A friendly woman on the internet can fool even the most security-conscious man — and hackers can take advantage.
Since at least April 2016, a number of social media profiles have been created for a photographer named “Mia Ash.” The persona befriended male employees of oil and technology firms in Israel, Saudi Arabia, India, U.S, and Iraq.
Now, a hacking group linked to Iran is believed to be behind the accounts, according to new research from security firm SecureWorks.
SecureWorks calls the hacking group Cobalt Gypsy, also known as OilRig by other researchers. The group has previously targeted Saudi Arabian oil, financial and tech executives, as well as Israeli corporate networks.
On LinkedIn, the hackers behind Mia connected with professional photographers to make the account seem more authentic. Meanwhile, the profile photos were stolen from a Romanian photographer, who has not responded to a request for comment.

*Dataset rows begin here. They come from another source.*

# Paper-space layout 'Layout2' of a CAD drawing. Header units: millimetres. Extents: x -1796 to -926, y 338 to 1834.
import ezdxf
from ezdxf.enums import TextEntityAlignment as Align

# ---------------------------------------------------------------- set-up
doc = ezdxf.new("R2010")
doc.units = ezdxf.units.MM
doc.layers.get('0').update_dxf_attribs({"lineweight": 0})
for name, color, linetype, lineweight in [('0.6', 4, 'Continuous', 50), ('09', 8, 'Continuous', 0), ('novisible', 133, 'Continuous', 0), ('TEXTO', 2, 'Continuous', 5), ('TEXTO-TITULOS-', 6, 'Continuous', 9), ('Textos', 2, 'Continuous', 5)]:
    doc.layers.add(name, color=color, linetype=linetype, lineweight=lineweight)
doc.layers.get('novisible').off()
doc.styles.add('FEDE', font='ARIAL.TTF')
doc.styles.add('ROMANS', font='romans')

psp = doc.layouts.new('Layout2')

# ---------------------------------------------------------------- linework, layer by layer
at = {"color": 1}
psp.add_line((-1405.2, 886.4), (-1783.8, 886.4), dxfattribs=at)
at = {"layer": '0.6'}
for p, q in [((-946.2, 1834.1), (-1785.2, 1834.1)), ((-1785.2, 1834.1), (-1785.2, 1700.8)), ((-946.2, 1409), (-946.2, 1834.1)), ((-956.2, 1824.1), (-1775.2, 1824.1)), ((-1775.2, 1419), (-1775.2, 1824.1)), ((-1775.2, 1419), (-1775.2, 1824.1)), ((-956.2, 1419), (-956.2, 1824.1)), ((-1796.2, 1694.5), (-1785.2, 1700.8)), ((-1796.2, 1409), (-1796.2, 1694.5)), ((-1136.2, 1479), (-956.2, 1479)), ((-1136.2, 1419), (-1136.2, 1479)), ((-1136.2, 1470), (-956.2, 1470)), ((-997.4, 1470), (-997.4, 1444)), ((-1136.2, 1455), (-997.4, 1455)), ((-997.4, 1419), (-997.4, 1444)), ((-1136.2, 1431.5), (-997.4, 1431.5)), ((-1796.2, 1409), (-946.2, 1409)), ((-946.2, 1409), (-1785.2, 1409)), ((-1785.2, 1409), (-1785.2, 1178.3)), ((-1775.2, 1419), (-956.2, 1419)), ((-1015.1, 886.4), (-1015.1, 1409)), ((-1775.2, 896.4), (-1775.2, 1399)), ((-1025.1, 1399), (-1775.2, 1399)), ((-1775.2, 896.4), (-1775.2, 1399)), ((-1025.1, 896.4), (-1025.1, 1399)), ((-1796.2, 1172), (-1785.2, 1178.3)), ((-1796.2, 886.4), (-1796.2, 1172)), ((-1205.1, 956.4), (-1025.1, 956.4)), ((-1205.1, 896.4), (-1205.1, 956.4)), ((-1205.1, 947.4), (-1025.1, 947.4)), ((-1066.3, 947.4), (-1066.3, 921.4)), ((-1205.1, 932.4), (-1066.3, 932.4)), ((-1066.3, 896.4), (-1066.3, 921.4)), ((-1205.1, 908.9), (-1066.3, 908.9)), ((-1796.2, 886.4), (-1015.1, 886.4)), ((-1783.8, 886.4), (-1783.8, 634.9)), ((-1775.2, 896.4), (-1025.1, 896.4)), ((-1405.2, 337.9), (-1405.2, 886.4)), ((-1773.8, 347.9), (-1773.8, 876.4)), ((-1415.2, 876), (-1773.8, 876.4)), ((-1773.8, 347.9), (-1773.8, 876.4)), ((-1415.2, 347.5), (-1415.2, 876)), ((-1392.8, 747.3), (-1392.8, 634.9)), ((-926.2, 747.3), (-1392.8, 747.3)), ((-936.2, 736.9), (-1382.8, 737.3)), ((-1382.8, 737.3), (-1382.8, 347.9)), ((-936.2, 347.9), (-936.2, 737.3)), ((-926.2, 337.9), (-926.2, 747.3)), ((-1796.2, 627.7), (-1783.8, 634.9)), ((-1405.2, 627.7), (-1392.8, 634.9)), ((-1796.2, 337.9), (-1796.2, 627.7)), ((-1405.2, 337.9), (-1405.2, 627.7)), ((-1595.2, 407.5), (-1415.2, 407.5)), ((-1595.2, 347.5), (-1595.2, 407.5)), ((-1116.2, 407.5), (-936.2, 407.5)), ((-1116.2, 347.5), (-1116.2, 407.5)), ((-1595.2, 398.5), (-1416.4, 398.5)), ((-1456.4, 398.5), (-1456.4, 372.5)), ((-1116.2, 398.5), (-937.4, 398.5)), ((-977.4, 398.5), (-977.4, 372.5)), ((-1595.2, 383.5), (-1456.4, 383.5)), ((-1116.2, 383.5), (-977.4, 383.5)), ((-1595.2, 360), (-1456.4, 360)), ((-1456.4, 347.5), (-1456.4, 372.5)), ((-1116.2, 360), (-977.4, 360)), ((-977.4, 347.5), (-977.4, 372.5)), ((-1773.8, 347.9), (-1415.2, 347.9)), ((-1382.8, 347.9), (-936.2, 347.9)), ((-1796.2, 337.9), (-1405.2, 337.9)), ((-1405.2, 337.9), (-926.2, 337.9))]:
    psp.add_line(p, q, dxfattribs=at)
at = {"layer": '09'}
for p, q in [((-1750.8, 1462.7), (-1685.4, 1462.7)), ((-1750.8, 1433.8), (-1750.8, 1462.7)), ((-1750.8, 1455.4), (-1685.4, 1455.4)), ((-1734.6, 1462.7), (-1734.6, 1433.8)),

Related: Saudi Arabia warns of new crippling cyberattack
The intent was to steal credentials from employees who would have access to their companies’ computer networks. For example, the fake account sent a phishing email to one of the men she befriended containing malware. This would give the hackers control of his computer, SecureWorks found.
Mia first tried to befriend these individuals on LinkedIn, sharing information about her purported photography job and the trips she took. She later invited them to chat on other platforms like Facebook.
But the phishing attempt SecureWorks studied was unsuccessful. Although the the victim clicked on an infected link, the company’s anti-virus precautions caught the malware.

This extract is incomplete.